Your goal. Leave out the pictures and restate the rest of the data exactly.
(Beginning of Record excerpts)
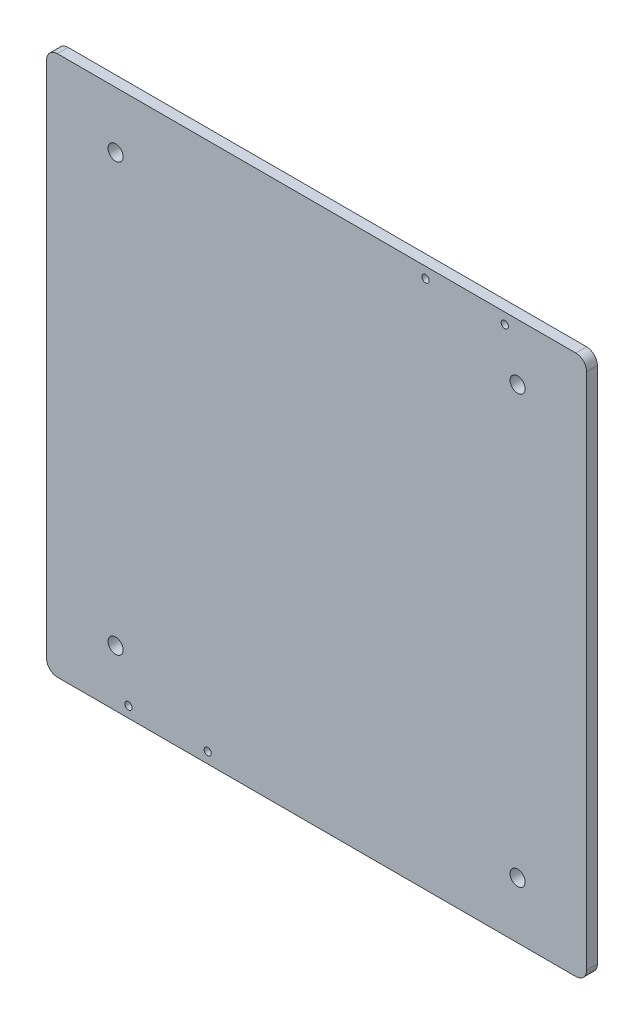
ISO-10303-21;
HEADER;
FILE_DESCRIPTION(('STEP AP214'),'2;1');
FILE_NAME('part.step','',(''),(''),'','','');
FILE_SCHEMA(('AUTOMOTIVE_DESIGN { 1 0 10303 214 1 1 1 1 }'));
ENDSEC;
DATA;
#1=APPLICATION_CONTEXT('core data for automotive mechanical design processes');
#2=APPLICATION_PROTOCOL_DEFINITION('international standard','automotive_design',2000,#1);
#3=PRODUCT_CONTEXT('',#1,'mechanical');
#4=PRODUCT('Part','Part','',(#3));
#5=PRODUCT_RELATED_PRODUCT_CATEGORY('part','',(#4));
#6=PRODUCT_DEFINITION_FORMATION('','',#4);
#7=PRODUCT_DEFINITION_CONTEXT('part definition',#1,'design');
#8=PRODUCT_DEFINITION('design','',#6,#7);
#9=PRODUCT_DEFINITION_SHAPE('','',#8);
#10=(LENGTH_UNIT() NAMED_UNIT(*) SI_UNIT(.MILLI.,.METRE.));
#11=(NAMED_UNIT(*) PLANE_ANGLE_UNIT() SI_UNIT($,.RADIAN.));
#12=(NAMED_UNIT(*) SI_UNIT($,.STERADIAN.) SOLID_ANGLE_UNIT());
#13=UNCERTAINTY_MEASURE_WITH_UNIT(LENGTH_MEASURE(1.E-05),#10,'distance_accuracy_value','');
#14=(GEOMETRIC_REPRESENTATION_CONTEXT(3) GLOBAL_UNCERTAINTY_ASSIGNED_CONTEXT((#13)) GLOBAL_UNIT_ASSIGNED_CONTEXT((#10,
#11,#12)) REPRESENTATION_CONTEXT('',''));
#15=CARTESIAN_POINT('',(0.,0.,0.));
#16=DIRECTION('',(0.,0.,1.));
#17=DIRECTION('',(1.,0.,0.));
#18=AXIS2_PLACEMENT_3D('',#15,#16,#17);
#19=CARTESIAN_POINT('',(75.,-75.,3.));
#20=DIRECTION('',(-1.,0.,0.));
#21=DIRECTION('',(0.,0.,1.));
#22=AXIS2_PLACEMENT_3D('',#19,#20,#21);
#23=PLANE('',#22);
#24=DIRECTION('',(0.,1.,0.));
#25=VECTOR('',#24,1.);
#26=CARTESIAN_POINT('',(75.,-75.,3.));
#27=LINE('',#26,#25);
#28=CARTESIAN_POINT('',(75.,-72.,3.));
#29=VERTEX_POINT('',#28);
#30=CARTESIAN_POINT('',(75.,72.,3.));
#31=VERTEX_POINT('',#30);
#32=EDGE_CURVE('E121',#29,#31,#27,.T.);
#33=ORIENTED_EDGE('',*,*,#32,.F.);
#34=DIRECTION('',(0.,0.,-1.));
#35=VECTOR('',#34,1.);
#36=CARTESIAN_POINT('',(75.,-72.,3.));
#37=LINE('',#36,#35);
#38=CARTESIAN_POINT('',(75.,-72.,0.));
#39=VERTEX_POINT('',#38);
#40=EDGE_CURVE('E106',#29,#39,#37,.T.);
#41=ORIENTED_EDGE('',*,*,#40,.T.);
#42=DIRECTION('',(0.,1.,0.));
#43=VECTOR('',#42,1.);
#44=CARTESIAN_POINT('',(75.,-75.,0.));
#45=LINE('',#44,#43);
#46=CARTESIAN_POINT('',(75.,72.,0.));
#47=VERTEX_POINT('',#46);
#48=EDGE_CURVE('E118',#39,#47,#45,.T.);
#49=ORIENTED_EDGE('',*,*,#48,.T.);
#50=DIRECTION('',(0.,0.,-1.));
#51=VECTOR('',#50,1.);
#52=CARTESIAN_POINT('',(75.,72.,3.));
#53=LINE('',#52,#51);
#54=EDGE_CURVE('E123',#47,#31,#53,.F.);
#55=ORIENTED_EDGE('',*,*,#54,.T.);
#56=EDGE_LOOP('',(#33,#41,#49,#55));
#57=FACE_BOUND('',#56,.T.);
#58=ADVANCED_FACE('F36',(#57),#23,.F.);
#59=CARTESIAN_POINT('',(-75.,75.,3.));
#60=DIRECTION('',(0.,-1.,0.));
#61=DIRECTION('',(0.,0.,-1.));
#62=AXIS2_PLACEMENT_3D('',#59,#60,#61);
#63=PLANE('',#62);
#64=DIRECTION('',(-1.,0.,0.));
#65=VECTOR('',#64,1.);
#66=CARTESIAN_POINT('',(-75.,75.,0.));
#67=LINE('',#66,#65);
#68=CARTESIAN_POINT('',(72.,75.,0.));
#69=VERTEX_POINT('',#68);
#70=CARTESIAN_POINT('',(-72.,75.,0.));
#71=VERTEX_POINT('',#70);
#72=EDGE_CURVE('E127',#69,#71,#67,.T.);
#73=ORIENTED_EDGE('',*,*,#72,.T.);
#74=DIRECTION('',(0.,0.,-1.));
#75=VECTOR('',#74,1.);
#76=CARTESIAN_POINT('',(-72.,75.,3.));
#77=LINE('',#76,#75);
#78=CARTESIAN_POINT('',(-72.,75.,3.));
#79=VERTEX_POINT('',#78);
#80=EDGE_CURVE('E11',#71,#79,#77,.F.);
#81=ORIENTED_EDGE('',*,*,#80,.T.);
#82=DIRECTION('',(-1.,0.,0.));
#83=VECTOR('',#82,1.);
#84=CARTESIAN_POINT('',(-75.,75.,3.));
#85=LINE('',#84,#83);
#86=CARTESIAN_POINT('',(72.,75.,3.));
#87=VERTEX_POINT('',#86);
#88=EDGE_CURVE('E167',#87,#79,#85,.T.);
#89=ORIENTED_EDGE('',*,*,#88,.F.);
#90=DIRECTION('',(0.,0.,-1.));
#91=VECTOR('',#90,1.);
#92=CARTESIAN_POINT('',(72.,75.,3.));
#93=LINE('',#92,#91);
#94=EDGE_CURVE('E44',#87,#69,#93,.T.);
#95=ORIENTED_EDGE('',*,*,#94,.T.);
#96=EDGE_LOOP('',(#73,#81,#89,#95));
#97=FACE_BOUND('',#96,.T.);
#98=ADVANCED_FACE('F165',(#97),#63,.F.);
#99=CARTESIAN_POINT('',(-75.,-75.,3.));
#100=DIRECTION('',(1.,0.,0.));
#101=DIRECTION('',(0.,0.,-1.));
#102=AXIS2_PLACEMENT_3D('',#99,#100,#101);
#103=PLANE('',#102);
#104=DIRECTION('',(0.,-1.,0.));
#105=VECTOR('',#104,1.);
#106=CARTESIAN_POINT('',(-75.,-75.,0.));
#107=LINE('',#106,#105);
#108=CARTESIAN_POINT('',(-75.,72.,0.));
#109=VERTEX_POINT('',#108);
#110=CARTESIAN_POINT('',(-75.,-72.,0.));
#111=VERTEX_POINT('',#110);
#112=EDGE_CURVE('E131',#109,#111,#107,.T.);
#113=ORIENTED_EDGE('',*,*,#112,.T.);
#114=DIRECTION('',(0.,0.,-1.));
#115=VECTOR('',#114,1.);
#116=CARTESIAN_POINT('',(-75.,-72.,3.));
#117=LINE('',#116,#115);
#118=CARTESIAN_POINT('',(-75.,-72.,3.));
#119=VERTEX_POINT('',#118);
#120=EDGE_CURVE('E51',#111,#119,#117,.F.);
#121=ORIENTED_EDGE('',*,*,#120,.T.);
#122=DIRECTION('',(0.,-1.,0.));
#123=VECTOR('',#122,1.);
#124=CARTESIAN_POINT('',(-75.,-75.,3.));
#125=LINE('',#124,#123);
#126=CARTESIAN_POINT('',(-75.,72.,3.));
#127=VERTEX_POINT('',#126);
#128=EDGE_CURVE('E175',#127,#119,#125,.T.);
#129=ORIENTED_EDGE('',*,*,#128,.F.);
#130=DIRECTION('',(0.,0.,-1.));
(End of Record excerpts)
Solution to this exercise.
ISO-10303-21;
HEADER;
FILE_DESCRIPTION(('STEP AP214'),'2;1');
FILE_NAME('part.step','',(''),(''),'','','');
FILE_SCHEMA(('AUTOMOTIVE_DESIGN { 1 0 10303 214 1 1 1 1 }'));
ENDSEC;
DATA;
#1=APPLICATION_CONTEXT('core data for automotive mechanical design processes');
#2=APPLICATION_PROTOCOL_DEFINITION('international standard','automotive_design',2000,#1);
#3=PRODUCT_CONTEXT('',#1,'mechanical');
#4=PRODUCT('Part','Part','',(#3));
#5=PRODUCT_RELATED_PRODUCT_CATEGORY('part','',(#4));
#6=PRODUCT_DEFINITION_FORMATION('','',#4);
#7=PRODUCT_DEFINITION_CONTEXT('part definition',#1,'design');
#8=PRODUCT_DEFINITION('design','',#6,#7);
#9=PRODUCT_DEFINITION_SHAPE('','',#8);
#10=(LENGTH_UNIT() NAMED_UNIT(*) SI_UNIT(.MILLI.,.METRE.));
#11=(NAMED_UNIT(*) PLANE_ANGLE_UNIT() SI_UNIT($,.RADIAN.));
#12=(NAMED_UNIT(*) SI_UNIT($,.STERADIAN.) SOLID_ANGLE_UNIT());
#13=UNCERTAINTY_MEASURE_WITH_UNIT(LENGTH_MEASURE(1.E-05),#10,'distance_accuracy_value','');
#14=(GEOMETRIC_REPRESENTATION_CONTEXT(3) GLOBAL_UNCERTAINTY_ASSIGNED_CONTEXT((#13)) GLOBAL_UNIT_ASSIGNED_CONTEXT((#10,
#11,#12)) REPRESENTATION_CONTEXT('',''));
#15=CARTESIAN_POINT('',(0.,0.,0.));
#16=DIRECTION('',(0.,0.,1.));
#17=DIRECTION('',(1.,0.,0.));
#18=AXIS2_PLACEMENT_3D('',#15,#16,#17);
#19=CARTESIAN_POINT('',(75.,-75.,3.));
#20=DIRECTION('',(-1.,0.,0.));
#21=DIRECTION('',(0.,0.,1.));
#22=AXIS2_PLACEMENT_3D('',#19,#20,#21);
#23=PLANE('',#22);
#24=DIRECTION('',(0.,1.,0.));
#25=VECTOR('',#24,1.);
#26=CARTESIAN_POINT('',(75.,-75.,3.));
#27=LINE('',#26,#25);
#28=CARTESIAN_POINT('',(75.,-72.,3.));
#29=VERTEX_POINT('',#28);
#30=CARTESIAN_POINT('',(75.,72.,3.));
#31=VERTEX_POINT('',#30);
#32=EDGE_CURVE('E121',#29,#31,#27,.T.);
#33=ORIENTED_EDGE('',*,*,#32,.F.);
#34=DIRECTION('',(0.,0.,-1.));
#35=VECTOR('',#34,1.);
#36=CARTESIAN_POINT('',(75.,-72.,3.));
#37=LINE('',#36,#35);
#38=CARTESIAN_POINT('',(75.,-72.,0.));
#39=VERTEX_POINT('',#38);
#40=EDGE_CURVE('E106',#29,#39,#37,.T.);
#41=ORIENTED_EDGE('',*,*,#40,.T.);
#42=DIRECTION('',(0.,1.,0.));
#43=VECTOR('',#42,1.);
#44=CARTESIAN_POINT('',(75.,-75.,0.));
#45=LINE('',#44,#43);
#46=CARTESIAN_POINT('',(75.,72.,0.));
#47=VERTEX_POINT('',#46);
#48=EDGE_CURVE('E118',#39,#47,#45,.T.);
#49=ORIENTED_EDGE('',*,*,#48,.T.);
#50=DIRECTION('',(0.,0.,-1.));
#51=VECTOR('',#50,1.);
#52=CARTESIAN_POINT('',(75.,72.,3.));
#53=LINE('',#52,#51);
#54=EDGE_CURVE('E123',#47,#31,#53,.F.);
#55=ORIENTED_EDGE('',*,*,#54,.T.);
#56=EDGE_LOOP('',(#33,#41,#49,#55));
#57=FACE_BOUND('',#56,.T.);
#58=ADVANCED_FACE('F36',(#57),#23,.F.);
#59=CARTESIAN_POINT('',(-75.,75.,3.));
#60=DIRECTION('',(0.,-1.,0.));
#61=DIRECTION('',(0.,0.,-1.));
#62=AXIS2_PLACEMENT_3D('',#59,#60,#61);
#63=PLANE('',#62);
#64=DIRECTION('',(-1.,0.,0.));
#65=VECTOR('',#64,1.);
#66=CARTESIAN_POINT('',(-75.,75.,0.));
#67=LINE('',#66,#65);
#68=CARTESIAN_POINT('',(72.,75.,0.));
#69=VERTEX_POINT('',#68);
#70=CARTESIAN_POINT('',(-72.,75.,0.));
#71=VERTEX_POINT('',#70);
#72=EDGE_CURVE('E127',#69,#71,#67,.T.);
#73=ORIENTED_EDGE('',*,*,#72,.T.);
#74=DIRECTION('',(0.,0.,-1.));
#75=VECTOR('',#74,1.);
#76=CARTESIAN_POINT('',(-72.,75.,3.));
#77=LINE('',#76,#75);
#78=CARTESIAN_POINT('',(-72.,75.,3.));
#79=VERTEX_POINT('',#78);
#80=EDGE_CURVE('E11',#71,#79,#77,.F.);
#81=ORIENTED_EDGE('',*,*,#80,.T.);
#82=DIRECTION('',(-1.,0.,0.));
#83=VECTOR('',#82,1.);
#84=CARTESIAN_POINT('',(-75.,75.,3.));
#85=LINE('',#84,#83);
#86=CARTESIAN_POINT('',(72.,75.,3.));
#87=VERTEX_POINT('',#86);
#88=EDGE_CURVE('E167',#87,#79,#85,.T.);
#89=ORIENTED_EDGE('',*,*,#88,.F.);
#90=DIRECTION('',(0.,0.,-1.));
#91=VECTOR('',#90,1.);
#92=CARTESIAN_POINT('',(72.,75.,3.));
#93=LINE('',#92,#91);
#94=EDGE_CURVE('E44',#87,#69,#93,.T.);
#95=ORIENTED_EDGE('',*,*,#94,.T.);
#96=EDGE_LOOP('',(#73,#81,#89,#95));
#97=FACE_BOUND('',#96,.T.);
#98=ADVANCED_FACE('F165',(#97),#63,.F.);
#99=CARTESIAN_POINT('',(-75.,-75.,3.));
#100=DIRECTION('',(1.,0.,0.));
#101=DIRECTION('',(0.,0.,-1.));
#102=AXIS2_PLACEMENT_3D('',#99,#100,#101);
#103=PLANE('',#102);
#104=DIRECTION('',(0.,-1.,0.));
#105=VECTOR('',#104,1.);
#106=CARTESIAN_POINT('',(-75.,-75.,0.));
#107=LINE('',#106,#105);
#108=CARTESIAN_POINT('',(-75.,72.,0.));
#109=VERTEX_POINT('',#108);
#110=CARTESIAN_POINT('',(-75.,-72.,0.));
#111=VERTEX_POINT('',#110);
#112=EDGE_CURVE('E131',#109,#111,#107,.T.);
#113=ORIENTED_EDGE('',*,*,#112,.T.);
#114=DIRECTION('',(0.,0.,-1.));
#115=VECTOR('',#114,1.);
#116=CARTESIAN_POINT('',(-75.,-72.,3.));
#117=LINE('',#116,#115);
#118=CARTESIAN_POINT('',(-75.,-72.,3.));
#119=VERTEX_POINT('',#118);
#120=EDGE_CURVE('E51',#111,#119,#117,.F.);
#121=ORIENTED_EDGE('',*,*,#120,.T.);
#122=DIRECTION('',(0.,-1.,0.));
#123=VECTOR('',#122,1.);
#124=CARTESIAN_POINT('',(-75.,-75.,3.));
#125=LINE('',#124,#123);
#126=CARTESIAN_POINT('',(-75.,72.,3.));
#127=VERTEX_POINT('',#126);
#128=EDGE_CURVE('E175',#127,#119,#125,.T.);
#129=ORIENTED_EDGE('',*,*,#128,.F.);
#130=DIRECTION('',(0.,0.,-1.));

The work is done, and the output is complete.